IN UN CERTO SENSO MOLTI GENITORI USANO I PROPRI FIGLI PER AUTOSTIMARSI E PER SENTIRSI MERITEVOLI

“I vostri figli non sono i vostri figli. Sono i figli e le figlie dell’ardore che la Vita ha per se stessa. Essi vengono attraverso di voi, ma non da voi,e benché vivano con voi, non vi appartengono. Potete dar loro il vostro amore ma non i vostri pensieri, poiché essi hanno i loro propri pensieri… potete sforzarvi di assomigliare a loro,ma non cercate di farli somigliare a voi. Poiché la vita non va indietro né indugia su ieri”. Gibran, Il Profeta

Una volta una mamma, preoccupata per la figlia che aveva preso la brutta abitudine di abbuffarsi di dolci, si recò da Gandhi. Lo scongiurò: "Per favore, Mahatma, parla tu con mia figlia in modo da persuaderla a smettere con questo vizio. Accetti?". Gandhi rimase un attimo in silenzio, un po' imbarazzato, poi concluse: "Riporta qui tua figlia fra tre settimane, e allora parlerò con lei, non prima". La donna se ne andò perplessa, ma senza replicare.

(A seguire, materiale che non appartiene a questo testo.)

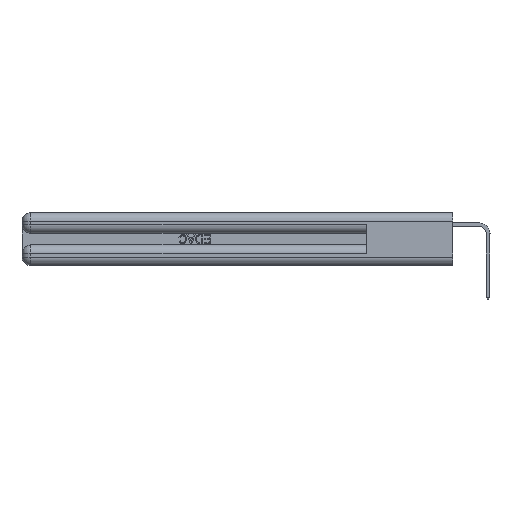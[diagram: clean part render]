
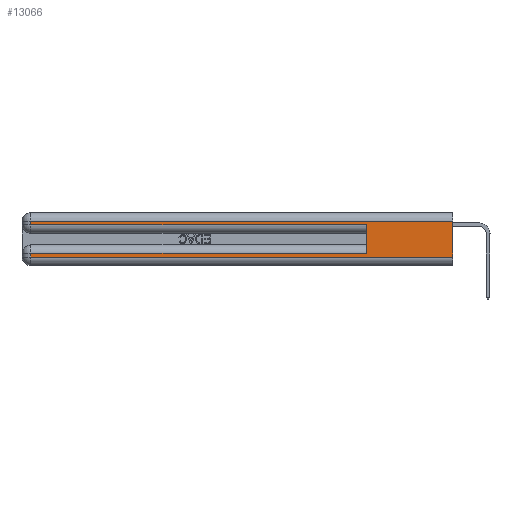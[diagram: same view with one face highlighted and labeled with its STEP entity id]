
A CAD part, left-side view. The second image highlights one B-rep face of the part: STEP entity #13066.
In plain terms, the highlighted planar face has unit normal (-1, 0, 0).
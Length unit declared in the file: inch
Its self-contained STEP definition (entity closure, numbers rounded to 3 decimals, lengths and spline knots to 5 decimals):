
#176 = CARTESIAN_POINT ( 'NONE',  ( 0., 0., 0.285 ) ) ;
#379 = EDGE_CURVE ( 'NONE', #15390, #7352, #34244, .T. ) ;
#836 = PLANE ( 'NONE',  #12052 ) ;
#1136 = LINE ( 'NONE', #30836, #27814 ) ;
#1152 = LINE ( 'NONE', #176, #19308 ) ;
#1856 = CARTESIAN_POINT ( 'NONE',  ( 0., 2.94, 0.085 ) ) ;
#3114 = VECTOR ( 'NONE', #28985, 39.37008 ) ;
#3261 = CARTESIAN_POINT ( 'NONE',  ( 0., 0.6, 0.145 ) ) ;
#3472 = ORIENTED_EDGE ( 'NONE', *, *, #30549, .F. ) ;
#3932 = EDGE_CURVE ( 'NONE', #21207, #7790, #5361, .T. ) ;
#3978 = ORIENTED_EDGE ( 'NONE', *, *, #14791, .T. ) ;
#4855 = CARTESIAN_POINT ( 'NONE',  ( 0., 0., 0.06 ) ) ;
#5243 = VERTEX_POINT ( 'NONE', #19883 ) ;
#5361 = LINE ( 'NONE', #11513, #29992 ) ;
#6737 = DIRECTION ( 'NONE',  ( 0., -1., 0. ) ) ;
#6946 = EDGE_CURVE ( 'NONE', #6948, #15390, #8216, .T. ) ;
#6948 = VERTEX_POINT ( 'NONE', #1856 ) ;
#7193 = VECTOR ( 'NONE', #33966, 39.37008 ) ;
#7206 = VERTEX_POINT ( 'NONE', #25753 ) ;
#7352 = VERTEX_POINT ( 'NONE', #10799 ) ;
#7790 = VERTEX_POINT ( 'NONE', #19225 ) ;
#8216 = LINE ( 'NONE', #24374, #7193 ) ;
#8236 = CARTESIAN_POINT ( 'NONE',  ( 0., 0., 0.085 ) ) ;
#8474 = DIRECTION ( 'NONE',  ( 0., 0., -1. ) ) ;
#10799 = CARTESIAN_POINT ( 'NONE',  ( 0., 0., 0.06 ) ) ;
#11513 = CARTESIAN_POINT ( 'NONE',  ( 0., 2.94, 0.37 ) ) ;
#11790 = LINE ( 'NONE', #3261, #3114 ) ;
#12052 = AXIS2_PLACEMENT_3D ( 'NONE', #23228, #36146, #17072 ) ;
#13066 = ADVANCED_FACE ( 'NONE', ( #31124 ), #836, .F. ) ;
#13908 = CARTESIAN_POINT ( 'NONE',  ( 0., 2.94, 0.06 ) ) ;
#14791 = EDGE_CURVE ( 'NONE', #14927, #21207, #33942, .T. ) ;
#14927 = VERTEX_POINT ( 'NONE', #21334 ) ;
#15390 = VERTEX_POINT ( 'NONE', #13908 ) ;
#15590 = EDGE_CURVE ( 'NONE', #7206, #6948, #31405, .T. ) ;
#17072 = DIRECTION ( 'NONE',  ( 0., 0., -1. ) ) ;
#17139 = ORIENTED_EDGE ( 'NONE', *, *, #379, .T. ) ;
#19112 = EDGE_LOOP ( 'NONE', ( #26622, #3978, #23125, #34570, #3472, #22633, #33116, #17139 ) ) ;
#19225 = CARTESIAN_POINT ( 'NONE',  ( 0., 2.94, 0.285 ) ) ;
#19308 = VECTOR ( 'NONE', #6737, 39.37008 ) ;
#19883 = CARTESIAN_POINT ( 'NONE',  ( 0., 0.6, 0.285 ) ) ;
#21207 = VERTEX_POINT ( 'NONE', #25234 ) ;
#21334 = CARTESIAN_POINT ( 'NONE',  ( 0., 0., 0.31 ) ) ;
#22633 = ORIENTED_EDGE ( 'NONE', *, *, #15590, .T. ) ;
#23125 = ORIENTED_EDGE ( 'NONE', *, *, #3932, .T. ) ;
#23228 = CARTESIAN_POINT ( 'NONE',  ( 0., 0., 0.37 ) ) ;
#24204 = DIRECTION ( 'NONE',  ( 0., 0., -1. ) ) ;
#24208 = DIRECTION ( 'NONE',  ( 0., 1., 0. ) ) ;
#24374 = CARTESIAN_POINT ( 'NONE',  ( 0., 2.94, 0.37 ) ) ;
#25234 = CARTESIAN_POINT ( 'NONE',  ( 0., 2.94, 0.31 ) ) ;
#25753 = CARTESIAN_POINT ( 'NONE',  ( 0., 0.6, 0.085 ) ) ;
#26511 = VECTOR ( 'NONE', #36613, 39.37008 ) ;
#26622 = ORIENTED_EDGE ( 'NONE', *, *, #27641, .F. ) ;
#27350 = DIRECTION ( 'NONE',  ( 0., -1., 0. ) ) ;
#27641 = EDGE_CURVE ( 'NONE', #14927, #7352, #1136, .T. ) ;
#27814 = VECTOR ( 'NONE', #8474, 39.37008 ) ;
#28985 = DIRECTION ( 'NONE',  ( 0., 0., 1. ) ) ;
#29992 = VECTOR ( 'NONE', #24204, 39.37008 ) ;
#30407 = VECTOR ( 'NONE', #24208, 39.37008 ) ;
#30549 = EDGE_CURVE ( 'NONE', #7206, #5243, #11790, .T. ) ;
#30836 = CARTESIAN_POINT ( 'NONE',  ( 0., 0., 0.37 ) ) ;
#31124 = FACE_OUTER_BOUND ( 'NONE', #19112, .T. ) ;
#31405 = LINE ( 'NONE', #8236, #30407 ) ;
#33116 = ORIENTED_EDGE ( 'NONE', *, *, #6946, .T. ) ;
#33453 = CARTESIAN_POINT ( 'NONE',  ( 0., 0., 0.31 ) ) ;
#33942 = LINE ( 'NONE', #33453, #26511 ) ;
#33966 = DIRECTION ( 'NONE',  ( 0., 0., -1. ) ) ;
#34244 = LINE ( 'NONE', #4855, #36231 ) ;
#34570 = ORIENTED_EDGE ( 'NONE', *, *, #39014, .T. ) ;
#36146 = DIRECTION ( 'NONE',  ( 1., 0., 0. ) ) ;
#36231 = VECTOR ( 'NONE', #27350, 39.37008 ) ;
#36613 = DIRECTION ( 'NONE',  ( 0., 1., 0. ) ) ;
#39014 = EDGE_CURVE ( 'NONE', #7790, #5243, #1152, .T. ) ;

Tornò, come le era stato proposto, tre settimane dopo, rimorchiandosi dietro la figlia, golosa, insaziabile. Stavolta Gandhi prese in disparte la ragazza e le parlò dolcemente, con parole semplici e assai persuasive. Le prospettò gli effetti dannosi che possono causare i troppi dolci. Quindi le raccomandò una maggiore sobrietà. La madre, allora, dopo averlo ringraziato, nell'accomiatarsi, gli domandò: "Toglimi una curiosità, Mahatma... Mi piacerebbe sapere perché non hai detto queste cose a mia figlia tre settimane fa".

"Tre settimane fa - rispose tranquillamente Gandhi - il vizio di mangiare i dolci l'avevo anch'io!". Solo l'esempio permette di parlare; solo chi è può colpire a tal punto da poter essere ascoltato.